Although the chunky knitwear half of pair, journalist Mikael Blomkvist (Daniel Craig), is no cardboard cut-out, the dark heart of this story (whether we're talking the fat airport books, their Swedish language screen adaptations, or this Hollywood version), has always been the titular 'girl'. Twenty-something Lisbeth Salander (Rooney Mara) is a misanthropic, borderline autistic, hacker genius whose policy of trusting no-one has been justified to date by the crap-sack hand she's been dealt in life. She refuses to be a victim, and refuses too to do the morally upstanding thing and turn the other cheek. As in director David Fincher's Fight Club, we're encouraged to empathise with some deeply dodgy behaviour from the supposed protagonist.
Being female, Lisbeth's under more obligation than your typical anti-hero to behave herself and do the grown-up thing. This character is placed under great pressure within the narrative of the film itself, but she's also operating under enormous cultural pressure. She's been held to represent by different commentators, variously: a sleazy male writer's fantasy woman, the greatest thing to happen to feminism since flammable bras, the best lead in a thriller in about a decade, a champion of vengeful vigilante violence, and a bold new figurehead for a female-led high-end thriller franchise.
Lisbeth herself, of course, wouldn't give a shit about how she's interpreted, and that's probably what allows the film to work.
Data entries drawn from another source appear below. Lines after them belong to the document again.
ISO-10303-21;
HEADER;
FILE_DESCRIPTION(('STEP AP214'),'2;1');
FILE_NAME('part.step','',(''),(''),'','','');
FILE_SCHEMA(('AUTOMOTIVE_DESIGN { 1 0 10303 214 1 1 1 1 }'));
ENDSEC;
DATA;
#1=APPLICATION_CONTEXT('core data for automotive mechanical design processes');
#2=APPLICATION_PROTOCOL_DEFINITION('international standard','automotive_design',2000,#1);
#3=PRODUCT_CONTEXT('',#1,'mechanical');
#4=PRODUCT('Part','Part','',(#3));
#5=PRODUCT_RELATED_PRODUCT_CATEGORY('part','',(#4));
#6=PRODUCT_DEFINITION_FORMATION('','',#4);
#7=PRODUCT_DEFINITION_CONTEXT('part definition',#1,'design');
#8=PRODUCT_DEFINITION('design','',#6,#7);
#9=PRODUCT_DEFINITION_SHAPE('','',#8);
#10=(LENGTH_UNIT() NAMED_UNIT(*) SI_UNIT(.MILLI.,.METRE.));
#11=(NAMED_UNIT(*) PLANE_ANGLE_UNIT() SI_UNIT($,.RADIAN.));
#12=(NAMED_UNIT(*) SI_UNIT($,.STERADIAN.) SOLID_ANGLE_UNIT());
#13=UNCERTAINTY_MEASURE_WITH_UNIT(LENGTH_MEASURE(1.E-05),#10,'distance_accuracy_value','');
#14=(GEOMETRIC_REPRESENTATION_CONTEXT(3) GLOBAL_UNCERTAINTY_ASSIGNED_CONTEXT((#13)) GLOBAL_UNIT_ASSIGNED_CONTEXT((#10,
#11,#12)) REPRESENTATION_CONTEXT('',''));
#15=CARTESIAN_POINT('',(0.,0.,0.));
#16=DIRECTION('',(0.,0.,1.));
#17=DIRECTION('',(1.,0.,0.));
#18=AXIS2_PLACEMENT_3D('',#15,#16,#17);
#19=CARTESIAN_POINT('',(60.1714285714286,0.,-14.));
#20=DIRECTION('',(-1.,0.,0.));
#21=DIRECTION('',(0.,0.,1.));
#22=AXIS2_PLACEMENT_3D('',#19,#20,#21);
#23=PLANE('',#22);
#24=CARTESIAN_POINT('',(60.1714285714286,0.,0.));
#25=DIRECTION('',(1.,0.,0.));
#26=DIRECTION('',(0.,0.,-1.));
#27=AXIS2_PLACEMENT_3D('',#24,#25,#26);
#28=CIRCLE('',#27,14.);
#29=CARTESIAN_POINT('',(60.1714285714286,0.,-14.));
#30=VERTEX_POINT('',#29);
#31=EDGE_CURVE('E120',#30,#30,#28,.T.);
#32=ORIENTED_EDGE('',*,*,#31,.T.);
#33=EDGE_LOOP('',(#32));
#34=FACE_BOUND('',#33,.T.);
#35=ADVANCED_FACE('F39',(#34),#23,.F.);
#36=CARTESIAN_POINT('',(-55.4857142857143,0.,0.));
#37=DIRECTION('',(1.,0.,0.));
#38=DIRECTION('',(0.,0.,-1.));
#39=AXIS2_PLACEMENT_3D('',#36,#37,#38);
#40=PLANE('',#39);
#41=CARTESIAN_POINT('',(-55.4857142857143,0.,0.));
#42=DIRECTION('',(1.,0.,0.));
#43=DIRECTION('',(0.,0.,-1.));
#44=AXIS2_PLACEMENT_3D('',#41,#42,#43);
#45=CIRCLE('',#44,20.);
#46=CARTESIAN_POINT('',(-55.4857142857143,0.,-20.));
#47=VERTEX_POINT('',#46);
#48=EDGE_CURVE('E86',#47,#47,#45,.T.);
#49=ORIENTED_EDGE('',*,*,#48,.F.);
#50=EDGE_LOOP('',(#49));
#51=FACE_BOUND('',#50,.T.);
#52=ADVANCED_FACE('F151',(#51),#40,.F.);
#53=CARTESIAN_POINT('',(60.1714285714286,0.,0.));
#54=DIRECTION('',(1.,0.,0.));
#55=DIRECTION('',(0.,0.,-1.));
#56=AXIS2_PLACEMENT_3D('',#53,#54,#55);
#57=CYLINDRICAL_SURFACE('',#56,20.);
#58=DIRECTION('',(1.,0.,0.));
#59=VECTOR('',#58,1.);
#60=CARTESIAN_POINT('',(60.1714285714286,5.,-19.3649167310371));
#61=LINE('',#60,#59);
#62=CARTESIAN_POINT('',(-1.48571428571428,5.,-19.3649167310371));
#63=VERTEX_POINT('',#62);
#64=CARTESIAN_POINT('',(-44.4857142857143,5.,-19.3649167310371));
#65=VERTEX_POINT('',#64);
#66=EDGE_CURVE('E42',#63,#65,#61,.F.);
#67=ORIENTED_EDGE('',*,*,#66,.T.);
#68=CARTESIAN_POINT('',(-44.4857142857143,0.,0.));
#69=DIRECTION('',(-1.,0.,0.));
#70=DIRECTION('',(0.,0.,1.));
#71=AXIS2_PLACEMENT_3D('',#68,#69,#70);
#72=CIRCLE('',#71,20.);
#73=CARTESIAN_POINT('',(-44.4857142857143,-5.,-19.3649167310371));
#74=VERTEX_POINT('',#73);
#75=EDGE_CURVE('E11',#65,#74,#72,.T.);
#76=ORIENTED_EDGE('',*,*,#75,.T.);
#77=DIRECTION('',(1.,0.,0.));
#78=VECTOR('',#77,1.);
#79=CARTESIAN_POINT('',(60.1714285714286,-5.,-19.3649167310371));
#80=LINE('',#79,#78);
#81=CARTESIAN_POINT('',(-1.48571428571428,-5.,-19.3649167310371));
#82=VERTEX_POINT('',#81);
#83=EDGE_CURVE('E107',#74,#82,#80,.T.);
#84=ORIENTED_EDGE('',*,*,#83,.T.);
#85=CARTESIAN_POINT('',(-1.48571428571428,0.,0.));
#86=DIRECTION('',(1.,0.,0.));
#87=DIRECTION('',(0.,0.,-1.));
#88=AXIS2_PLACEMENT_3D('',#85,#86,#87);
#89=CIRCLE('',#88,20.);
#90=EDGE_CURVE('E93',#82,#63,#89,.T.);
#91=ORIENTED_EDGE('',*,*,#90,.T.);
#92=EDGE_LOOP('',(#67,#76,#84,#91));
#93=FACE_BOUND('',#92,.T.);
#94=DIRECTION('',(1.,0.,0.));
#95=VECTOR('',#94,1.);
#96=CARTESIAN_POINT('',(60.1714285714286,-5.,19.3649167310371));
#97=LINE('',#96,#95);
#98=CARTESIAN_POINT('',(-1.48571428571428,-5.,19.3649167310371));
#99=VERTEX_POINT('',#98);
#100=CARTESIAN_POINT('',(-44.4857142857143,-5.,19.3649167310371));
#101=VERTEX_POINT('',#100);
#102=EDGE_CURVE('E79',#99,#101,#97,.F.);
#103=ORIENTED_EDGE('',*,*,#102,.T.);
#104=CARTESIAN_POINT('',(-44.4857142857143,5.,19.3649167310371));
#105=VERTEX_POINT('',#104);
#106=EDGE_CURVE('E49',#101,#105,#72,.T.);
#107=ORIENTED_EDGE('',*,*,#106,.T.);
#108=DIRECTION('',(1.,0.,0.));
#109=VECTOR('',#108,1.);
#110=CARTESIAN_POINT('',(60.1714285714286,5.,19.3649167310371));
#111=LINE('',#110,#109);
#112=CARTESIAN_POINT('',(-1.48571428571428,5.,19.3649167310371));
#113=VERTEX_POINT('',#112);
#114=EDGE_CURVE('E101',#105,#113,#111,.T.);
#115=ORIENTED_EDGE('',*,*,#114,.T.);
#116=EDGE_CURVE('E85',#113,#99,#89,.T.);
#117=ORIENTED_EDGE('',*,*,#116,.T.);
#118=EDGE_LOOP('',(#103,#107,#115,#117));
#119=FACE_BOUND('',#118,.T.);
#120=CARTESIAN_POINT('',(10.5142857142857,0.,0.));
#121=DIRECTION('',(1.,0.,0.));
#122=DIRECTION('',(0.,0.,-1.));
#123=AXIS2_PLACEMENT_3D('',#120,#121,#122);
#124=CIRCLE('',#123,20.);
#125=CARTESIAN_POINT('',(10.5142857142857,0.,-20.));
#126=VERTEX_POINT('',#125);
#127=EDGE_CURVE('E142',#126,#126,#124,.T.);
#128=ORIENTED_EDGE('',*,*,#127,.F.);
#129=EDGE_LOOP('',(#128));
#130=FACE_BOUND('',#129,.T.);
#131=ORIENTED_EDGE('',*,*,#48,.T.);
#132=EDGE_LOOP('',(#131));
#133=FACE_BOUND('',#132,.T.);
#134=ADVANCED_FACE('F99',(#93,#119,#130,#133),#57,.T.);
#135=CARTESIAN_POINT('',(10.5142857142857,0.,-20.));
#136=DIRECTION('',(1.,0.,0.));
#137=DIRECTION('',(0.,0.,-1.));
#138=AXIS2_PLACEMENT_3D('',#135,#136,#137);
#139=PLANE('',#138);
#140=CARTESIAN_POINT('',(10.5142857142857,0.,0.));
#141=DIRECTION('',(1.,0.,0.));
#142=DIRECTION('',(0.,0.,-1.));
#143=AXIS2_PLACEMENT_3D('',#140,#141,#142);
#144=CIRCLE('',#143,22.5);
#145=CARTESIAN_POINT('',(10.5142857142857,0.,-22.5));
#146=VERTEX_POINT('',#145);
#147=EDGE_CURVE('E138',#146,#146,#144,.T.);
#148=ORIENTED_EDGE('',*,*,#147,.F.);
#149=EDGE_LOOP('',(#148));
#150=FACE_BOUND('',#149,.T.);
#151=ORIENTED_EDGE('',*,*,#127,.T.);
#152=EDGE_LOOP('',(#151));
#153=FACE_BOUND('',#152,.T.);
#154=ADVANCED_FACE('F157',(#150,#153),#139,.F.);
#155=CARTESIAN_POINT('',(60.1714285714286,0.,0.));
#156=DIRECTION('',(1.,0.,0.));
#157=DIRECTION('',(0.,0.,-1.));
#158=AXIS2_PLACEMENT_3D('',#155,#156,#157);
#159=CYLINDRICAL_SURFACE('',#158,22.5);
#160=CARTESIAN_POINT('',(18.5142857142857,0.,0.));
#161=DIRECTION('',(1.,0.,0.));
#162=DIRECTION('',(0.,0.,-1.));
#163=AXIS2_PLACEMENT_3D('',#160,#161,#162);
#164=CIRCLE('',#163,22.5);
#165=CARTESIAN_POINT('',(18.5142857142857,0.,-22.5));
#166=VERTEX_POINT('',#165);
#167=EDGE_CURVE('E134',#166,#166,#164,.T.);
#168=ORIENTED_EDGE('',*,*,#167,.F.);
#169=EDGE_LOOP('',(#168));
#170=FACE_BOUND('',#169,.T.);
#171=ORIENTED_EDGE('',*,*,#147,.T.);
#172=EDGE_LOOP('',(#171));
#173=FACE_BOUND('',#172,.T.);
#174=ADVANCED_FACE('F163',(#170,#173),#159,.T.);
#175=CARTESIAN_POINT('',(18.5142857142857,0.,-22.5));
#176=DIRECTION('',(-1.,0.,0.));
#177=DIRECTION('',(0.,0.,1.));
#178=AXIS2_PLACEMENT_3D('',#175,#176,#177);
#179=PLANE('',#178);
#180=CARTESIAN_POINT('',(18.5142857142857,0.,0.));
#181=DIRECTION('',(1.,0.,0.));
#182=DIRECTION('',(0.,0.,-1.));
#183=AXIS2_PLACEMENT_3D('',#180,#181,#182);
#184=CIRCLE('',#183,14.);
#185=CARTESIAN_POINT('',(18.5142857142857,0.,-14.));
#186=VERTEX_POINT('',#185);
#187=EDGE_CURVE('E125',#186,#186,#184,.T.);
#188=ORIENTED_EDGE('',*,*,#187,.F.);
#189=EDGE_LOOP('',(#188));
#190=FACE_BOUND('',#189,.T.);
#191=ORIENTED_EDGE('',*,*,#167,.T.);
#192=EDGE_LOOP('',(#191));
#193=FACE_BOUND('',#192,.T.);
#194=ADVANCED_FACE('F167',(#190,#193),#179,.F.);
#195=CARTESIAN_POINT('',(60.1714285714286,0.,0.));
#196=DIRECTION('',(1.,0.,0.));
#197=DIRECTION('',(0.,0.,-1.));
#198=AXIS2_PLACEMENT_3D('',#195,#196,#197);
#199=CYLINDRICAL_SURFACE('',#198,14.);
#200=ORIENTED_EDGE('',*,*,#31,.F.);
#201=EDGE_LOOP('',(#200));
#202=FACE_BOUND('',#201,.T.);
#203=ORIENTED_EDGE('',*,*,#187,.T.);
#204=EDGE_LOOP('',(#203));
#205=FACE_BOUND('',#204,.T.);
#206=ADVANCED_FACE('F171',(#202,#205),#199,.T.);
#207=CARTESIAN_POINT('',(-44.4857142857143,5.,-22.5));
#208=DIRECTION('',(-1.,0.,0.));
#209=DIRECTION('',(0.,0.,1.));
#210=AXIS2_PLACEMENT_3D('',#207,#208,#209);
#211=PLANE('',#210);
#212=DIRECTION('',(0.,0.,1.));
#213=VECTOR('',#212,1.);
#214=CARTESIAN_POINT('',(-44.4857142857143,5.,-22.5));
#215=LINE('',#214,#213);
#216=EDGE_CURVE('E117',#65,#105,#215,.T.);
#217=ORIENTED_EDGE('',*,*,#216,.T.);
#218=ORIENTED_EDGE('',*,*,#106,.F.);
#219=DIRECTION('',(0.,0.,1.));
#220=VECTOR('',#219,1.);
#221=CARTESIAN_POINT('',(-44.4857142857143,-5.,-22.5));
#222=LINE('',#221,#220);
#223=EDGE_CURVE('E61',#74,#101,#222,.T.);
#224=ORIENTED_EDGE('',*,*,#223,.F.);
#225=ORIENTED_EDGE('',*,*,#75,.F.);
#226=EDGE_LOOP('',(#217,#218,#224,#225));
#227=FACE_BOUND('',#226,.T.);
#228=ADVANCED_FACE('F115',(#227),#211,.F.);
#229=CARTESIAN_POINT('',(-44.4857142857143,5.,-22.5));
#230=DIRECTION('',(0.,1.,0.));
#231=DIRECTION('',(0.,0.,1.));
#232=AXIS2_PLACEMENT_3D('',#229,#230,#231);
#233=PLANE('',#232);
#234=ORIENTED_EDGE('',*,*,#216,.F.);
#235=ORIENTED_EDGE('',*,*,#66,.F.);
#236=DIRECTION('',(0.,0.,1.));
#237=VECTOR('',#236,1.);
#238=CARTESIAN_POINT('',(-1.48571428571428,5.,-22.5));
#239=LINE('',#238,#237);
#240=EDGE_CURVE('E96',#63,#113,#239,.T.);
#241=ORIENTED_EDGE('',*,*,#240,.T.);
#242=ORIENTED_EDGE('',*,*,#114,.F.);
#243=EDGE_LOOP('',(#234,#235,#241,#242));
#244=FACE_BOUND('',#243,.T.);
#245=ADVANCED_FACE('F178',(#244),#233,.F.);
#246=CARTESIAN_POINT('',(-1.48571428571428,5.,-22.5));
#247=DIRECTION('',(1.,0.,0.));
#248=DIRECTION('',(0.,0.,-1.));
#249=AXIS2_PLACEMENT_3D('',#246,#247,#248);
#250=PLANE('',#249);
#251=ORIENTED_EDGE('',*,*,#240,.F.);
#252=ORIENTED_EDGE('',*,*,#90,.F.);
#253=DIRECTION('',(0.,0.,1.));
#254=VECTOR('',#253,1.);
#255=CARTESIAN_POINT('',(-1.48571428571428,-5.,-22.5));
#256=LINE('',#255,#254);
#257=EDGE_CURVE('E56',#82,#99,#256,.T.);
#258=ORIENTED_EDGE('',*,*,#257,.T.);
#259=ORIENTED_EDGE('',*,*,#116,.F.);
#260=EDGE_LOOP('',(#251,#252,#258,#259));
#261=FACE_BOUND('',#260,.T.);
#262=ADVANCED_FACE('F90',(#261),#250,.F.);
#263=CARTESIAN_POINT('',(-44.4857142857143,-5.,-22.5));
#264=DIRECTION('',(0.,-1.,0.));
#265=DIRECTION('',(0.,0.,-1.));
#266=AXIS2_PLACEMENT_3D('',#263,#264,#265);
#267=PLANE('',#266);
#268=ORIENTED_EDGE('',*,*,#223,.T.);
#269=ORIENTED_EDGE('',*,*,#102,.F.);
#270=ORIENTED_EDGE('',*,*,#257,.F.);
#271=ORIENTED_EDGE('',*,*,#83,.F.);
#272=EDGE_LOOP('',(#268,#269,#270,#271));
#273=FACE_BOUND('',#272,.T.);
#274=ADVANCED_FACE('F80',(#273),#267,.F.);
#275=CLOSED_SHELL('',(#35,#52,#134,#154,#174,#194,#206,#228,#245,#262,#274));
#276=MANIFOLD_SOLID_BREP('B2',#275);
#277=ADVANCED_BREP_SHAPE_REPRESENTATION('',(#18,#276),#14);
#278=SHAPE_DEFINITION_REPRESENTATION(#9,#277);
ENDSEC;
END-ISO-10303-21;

Lisbeth is not written or played as one-dimensionally representing any single critical stance, which is what allows so many interpretations of her to legimately co-exist. That's probably a healthy place for a piece of cinema to be - a more polemical script would leave less room for different readings.
You do have to wonder whether a male Lisbeth would be burdened with the weight of so many viewpoints, or whether he'd simply be allowed to be more of a Charles Bronson Death Wish figure. The rarity of this type of female lead aside, this film simply isn't very radical; it's just a big, slick, enjoyable thriller that happens to be less than usually shy of actually showing the sort of brutal rape that normally happens off-screen in these type of murder procedurals. It's ultimately David Fincher's perfectionist talent for creating a gripping aesthetic that raises this film above your average James Patterson adaptation.
Only rarely does this film put a foot wrong, and yet it's perhaps concentrating so hard on doing so, that it never takes the truly wild leaps or risks that could have made it either disastrous or magnificent. Instead, it's just pretty damn good.